▶ [Exercise aim] What is the count of lines in the records that include "removed"? Reply with that number alone.

▶ [Records supplied]
....

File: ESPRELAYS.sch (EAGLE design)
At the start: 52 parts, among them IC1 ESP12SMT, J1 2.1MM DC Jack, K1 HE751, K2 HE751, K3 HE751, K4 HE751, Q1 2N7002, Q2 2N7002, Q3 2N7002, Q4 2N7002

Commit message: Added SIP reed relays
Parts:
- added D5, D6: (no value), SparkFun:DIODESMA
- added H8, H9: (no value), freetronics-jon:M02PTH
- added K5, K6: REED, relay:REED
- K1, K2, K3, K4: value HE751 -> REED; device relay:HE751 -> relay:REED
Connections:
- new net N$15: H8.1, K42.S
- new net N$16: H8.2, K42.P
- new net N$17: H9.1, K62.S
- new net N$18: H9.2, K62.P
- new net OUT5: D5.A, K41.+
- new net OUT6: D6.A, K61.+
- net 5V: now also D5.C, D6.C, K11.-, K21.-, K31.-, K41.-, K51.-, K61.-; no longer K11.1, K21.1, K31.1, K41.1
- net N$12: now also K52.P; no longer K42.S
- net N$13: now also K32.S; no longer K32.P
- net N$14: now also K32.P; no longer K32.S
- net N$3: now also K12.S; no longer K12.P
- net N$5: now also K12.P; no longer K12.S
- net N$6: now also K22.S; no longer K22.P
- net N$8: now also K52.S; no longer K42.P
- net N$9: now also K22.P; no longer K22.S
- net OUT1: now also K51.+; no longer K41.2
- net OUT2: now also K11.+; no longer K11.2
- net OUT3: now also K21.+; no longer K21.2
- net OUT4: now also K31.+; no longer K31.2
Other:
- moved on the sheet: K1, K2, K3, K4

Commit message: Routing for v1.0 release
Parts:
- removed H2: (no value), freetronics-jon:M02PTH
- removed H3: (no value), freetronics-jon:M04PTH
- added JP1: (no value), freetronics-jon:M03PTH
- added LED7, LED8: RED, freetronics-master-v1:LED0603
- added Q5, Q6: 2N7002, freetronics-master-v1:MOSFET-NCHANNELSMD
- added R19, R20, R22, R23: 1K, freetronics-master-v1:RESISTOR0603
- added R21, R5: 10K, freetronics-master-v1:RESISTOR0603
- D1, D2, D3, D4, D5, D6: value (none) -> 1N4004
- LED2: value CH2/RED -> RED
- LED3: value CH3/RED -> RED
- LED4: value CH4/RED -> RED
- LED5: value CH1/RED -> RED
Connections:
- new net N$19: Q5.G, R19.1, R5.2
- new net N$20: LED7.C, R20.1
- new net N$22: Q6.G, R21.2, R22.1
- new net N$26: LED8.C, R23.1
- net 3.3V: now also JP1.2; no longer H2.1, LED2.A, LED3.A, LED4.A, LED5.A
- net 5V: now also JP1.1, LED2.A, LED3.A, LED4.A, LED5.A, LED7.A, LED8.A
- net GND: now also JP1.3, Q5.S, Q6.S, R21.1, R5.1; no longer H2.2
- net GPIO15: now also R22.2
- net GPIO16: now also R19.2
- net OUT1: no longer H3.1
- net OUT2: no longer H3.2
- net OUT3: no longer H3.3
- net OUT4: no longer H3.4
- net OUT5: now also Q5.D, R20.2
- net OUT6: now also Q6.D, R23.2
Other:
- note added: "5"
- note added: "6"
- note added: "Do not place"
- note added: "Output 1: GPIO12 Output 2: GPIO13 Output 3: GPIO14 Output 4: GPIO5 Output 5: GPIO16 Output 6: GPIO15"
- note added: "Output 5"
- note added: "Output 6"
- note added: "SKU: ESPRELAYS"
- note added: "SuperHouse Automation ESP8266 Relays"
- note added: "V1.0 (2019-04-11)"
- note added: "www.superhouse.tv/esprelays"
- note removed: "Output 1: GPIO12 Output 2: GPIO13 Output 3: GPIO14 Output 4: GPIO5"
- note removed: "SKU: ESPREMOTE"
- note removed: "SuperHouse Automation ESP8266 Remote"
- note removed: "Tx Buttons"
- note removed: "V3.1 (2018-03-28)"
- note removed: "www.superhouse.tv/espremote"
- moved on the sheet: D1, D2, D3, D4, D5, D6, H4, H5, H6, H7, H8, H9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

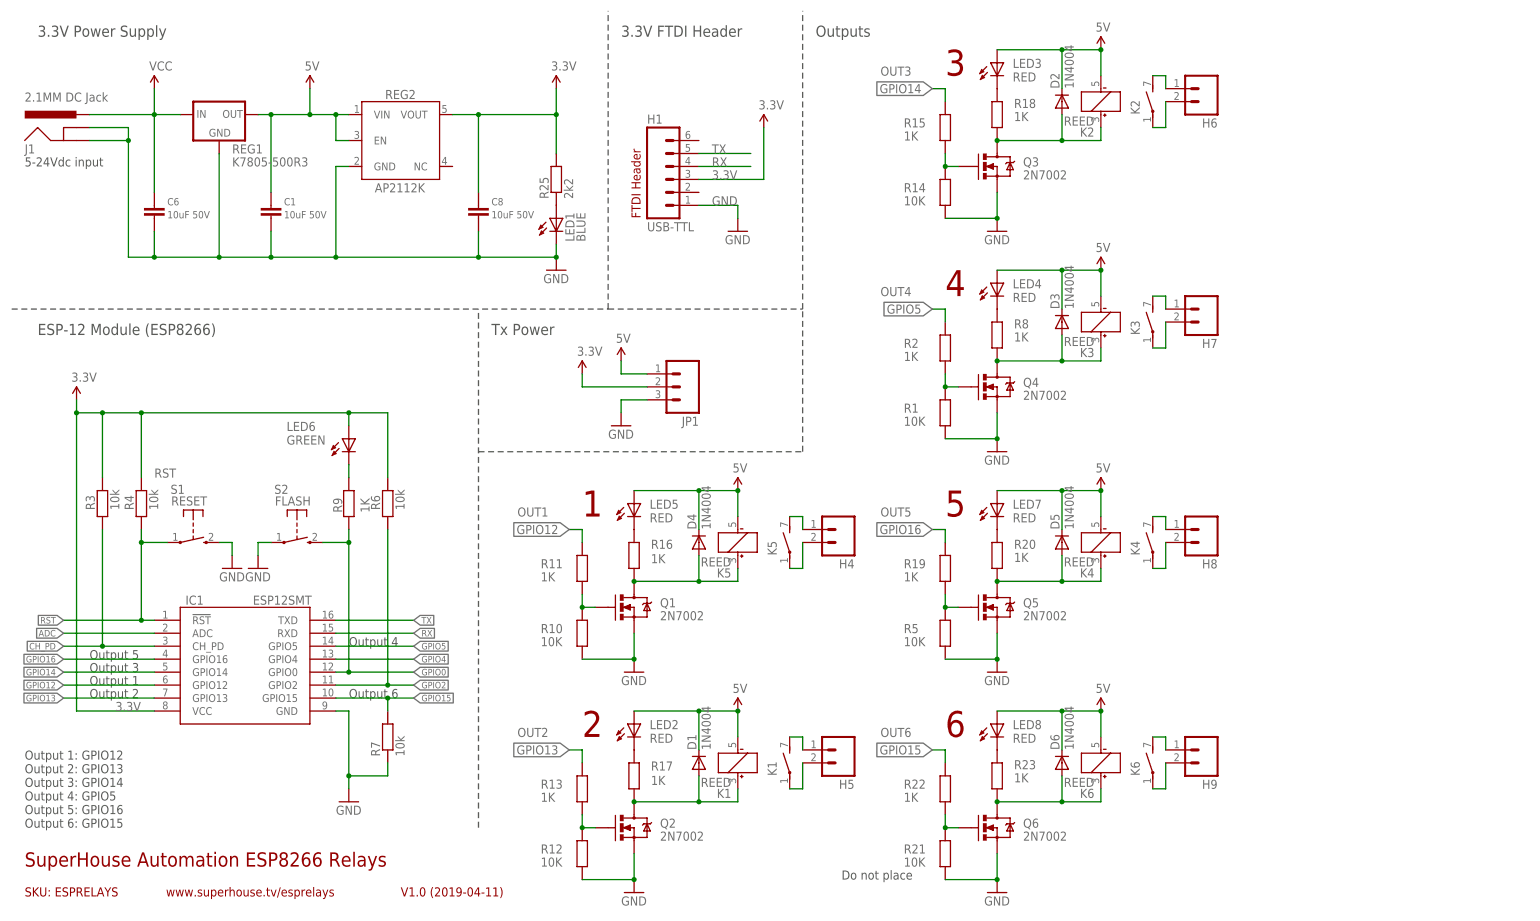
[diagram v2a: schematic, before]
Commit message: Changed output pins to avoid GPIO16 because it pulses on startup. v1.1 release
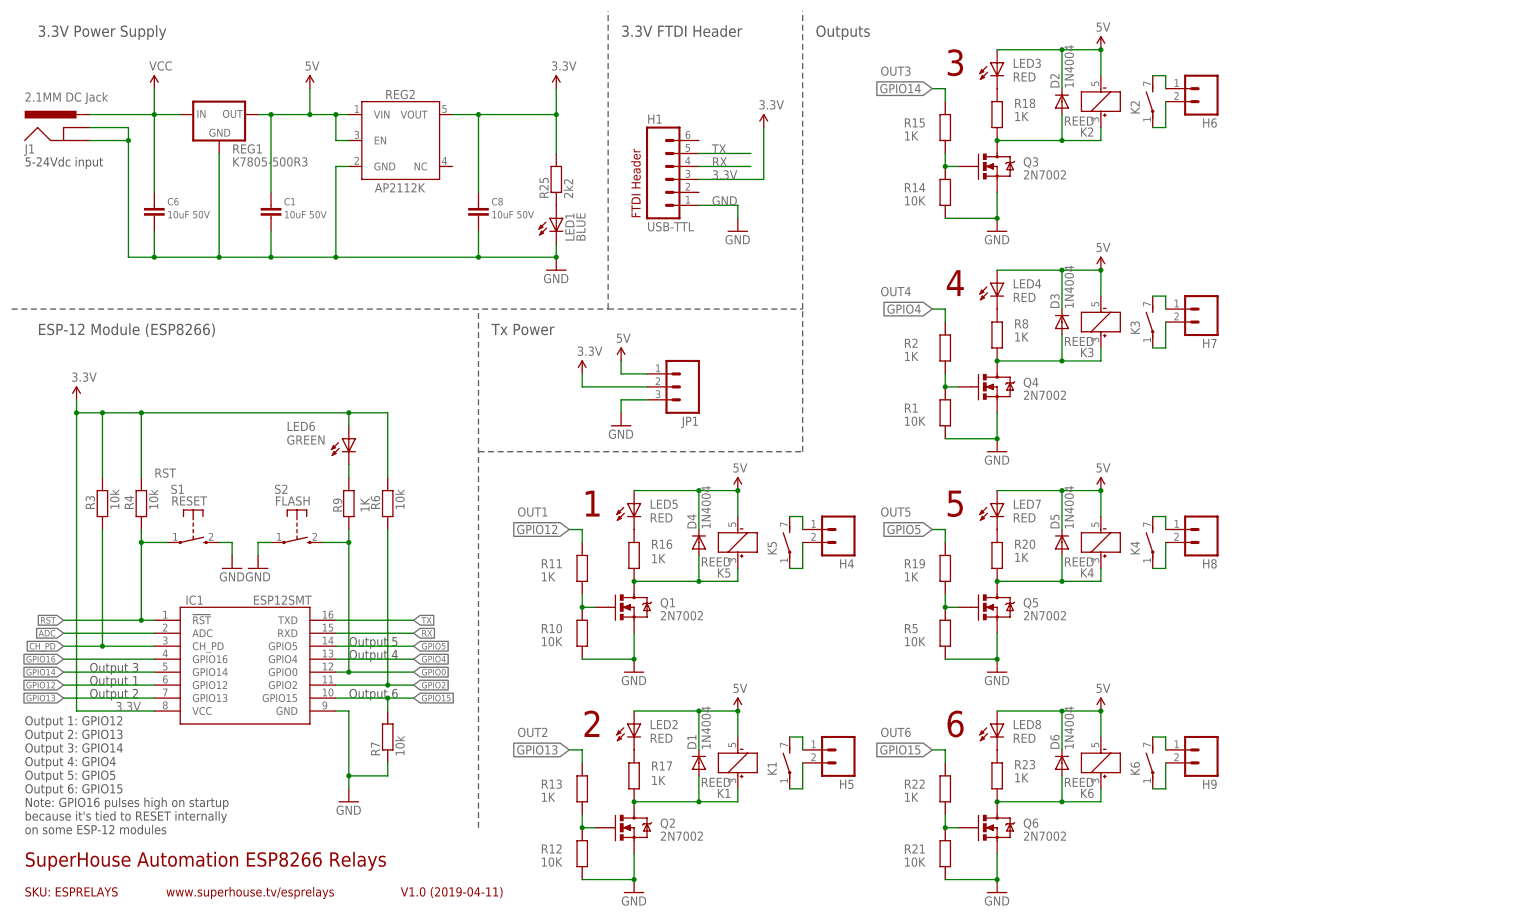
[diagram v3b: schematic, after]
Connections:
- net GPIO16: no longer R19.2
- net GPIO4: now also R2.2
- net GPIO5: now also R19.2; no longer R2.2
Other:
- note added: "Output 1: GPIO12 Output 2: GPIO13 Output 3: GPIO14 Output 4: GPIO4 Output 5: GPIO5 Output 6: GPIO15 Note: GPIO16 pulses high on startup because it's tied to RESET internally on some ESP-12 modules"
- note removed: "Do not place"
- note removed: "Output 1: GPIO12 Output 2: GPIO13 Output 3: GPIO14 Output 4: GPIO5 Output 5: GPIO16 Output 6: GPIO15"
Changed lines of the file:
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@@
 <?xml version="1.0" encoding="utf-8"?>
 <!DOCTYPE eagle SYSTEM "eagle.dtd">
-<eagle version="9.3.1">
+<eagle version="9.3.0">
 <drawing>
 <settings>
-<setting alwaysvectorfont="yes"/>
+<setting alwaysvectorfont="no"/>
 <setting keepoldvectorfont="yes"/>
 <setting verticaltext="up"/>
@@
 <text x="124.46" y="175.26" size="2.1844" layer="97" font="vector" ratio="15">3.3V FTDI Header</text>
 <text x="7.62" y="149.86" size="1.778" layer="97" font="vector" ratio="10">5-24Vdc input</text>
-<text x="7.62" y="20.32" size="1.778" layer="97" font="vector" ratio="10">Output 1: GPIO12
+<text x="7.62" y="19.05" size="1.778" layer="97" font="vector" ratio="10">Output 1: GPIO12
 Output 2: GPIO13
 Output 3: GPIO14
-Output 4: GPIO5
-Output 5: GPIO16
-Output 6: GPIO15</text>
+Output 4: GPIO4
+Output 5: GPIO5
+Output 6: GPIO15
+Note: GPIO16 pulses high on startup
+because it's tied to RESET internally
+on some ESP-12 modules</text>
 <text x="20.32" y="48.26" size="1.778" layer="97">Output 1</text>
 <text x="20.32" y="45.72" size="1.778" layer="97">Output 2</text>
 <text x="20.32" y="50.8" size="1.778" layer="97">Output 3</text>
-<text x="71.12" y="55.88" size="1.778" layer="97">Output 4</text>
+<text x="71.12" y="53.34" size="1.778" layer="97">Output 4</text>
 <text x="187.96" y="81.28" size="5.08" layer="94" ratio="12">5</text>
 <text x="187.96" y="38.1" size="5.08" layer="94" ratio="12">6</text>
-<text x="20.32" y="53.34" size="1.778" layer="97">Output 5</text>
+<text x="71.12" y="55.88" size="1.778" layer="97">Output 5</text>
 <text x="71.12" y="45.72" size="1.778" layer="97">Output 6</text>
 <wire x1="96.52" y1="20.32" x2="96.52" y2="121.92" width="0.254" layer="97" style="longdash"/>
@@
 <wire x1="160.02" y1="93.98" x2="160.02" y2="121.92" width="0.254" layer="97" style="longdash"/>
 <text x="99.06" y="116.84" size="2.1844" layer="97" font="vector" ratio="15">Tx Power</text>
-<text x="167.64" y="10.16" size="1.778" layer="97">Do not place</text>
 </plain>
 <instances>
@@
 </segment>
 <segment>
+<wire x1="187.96" y1="76.2" x2="187.96" y2="78.74" width="0.1524" layer="91"/>
+<wire x1="187.96" y1="78.74" x2="185.42" y2="78.74" width="0.1524" layer="91"/>
+<label x="185.42" y="78.74" size="1.778" layer="95" rot="R180" xref="yes"/>
+<pinref part="R19" gate="G$1" pin="2"/>
+</segment>
+</net>
+<net name="GPIO4" class="0">
+<segment>
+<pinref part="IC1" gate="G$1" pin="GPIO4"/>
+<wire x1="68.58" y1="53.34" x2="83.82" y2="53.34" width="0.1524" layer="91"/>
+<label x="83.82" y="53.34" size="1.27" layer="95" xref="yes"/>
+</segment>
+<segment>
 <pinref part="R2" gate="G$1" pin="2"/>
 <wire x1="187.96" y1="119.38" x2="187.96" y2="121.92" width="0.1524" layer="91"/>
 <wire x1="187.96" y1="121.92" x2="185.42" y2="121.92" width="0.1524" layer="91"/>
 <label x="185.42" y="121.92" size="1.778" layer="95" rot="R180" xref="yes"/>
-</segment>
-</net>
-<net name="GPIO4" class="0">
-<segment>
-<pinref part="IC1" gate="G$1" pin="GPIO4"/>
-<wire x1="68.58" y1="53.34" x2="83.82" y2="53.34" width="0.1524" layer="91"/>
-<label x="83.82" y="53.34" size="1.27" layer="95" xref="yes"/>
 </segment>
 </net>
@@
 <label x="15.24" y="53.34" size="1.27" layer="95" rot="R180" xref="yes"/>
 </segment>
-<segment>
-<wire x1="187.96" y1="76.2" x2="187.96" y2="78.74" width="0.1524" layer="91"/>
-<wire x1="187.96" y1="78.74" x2="185.42" y2="78.74" width="0.1524" layer="91"/>
-<label x="185.42" y="78.74" size="1.778" layer="95" rot="R180" xref="yes"/>
-<pinref part="R19" gate="G$1" pin="2"/>
-</segment>
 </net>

....

▶ [Solution to this task] 10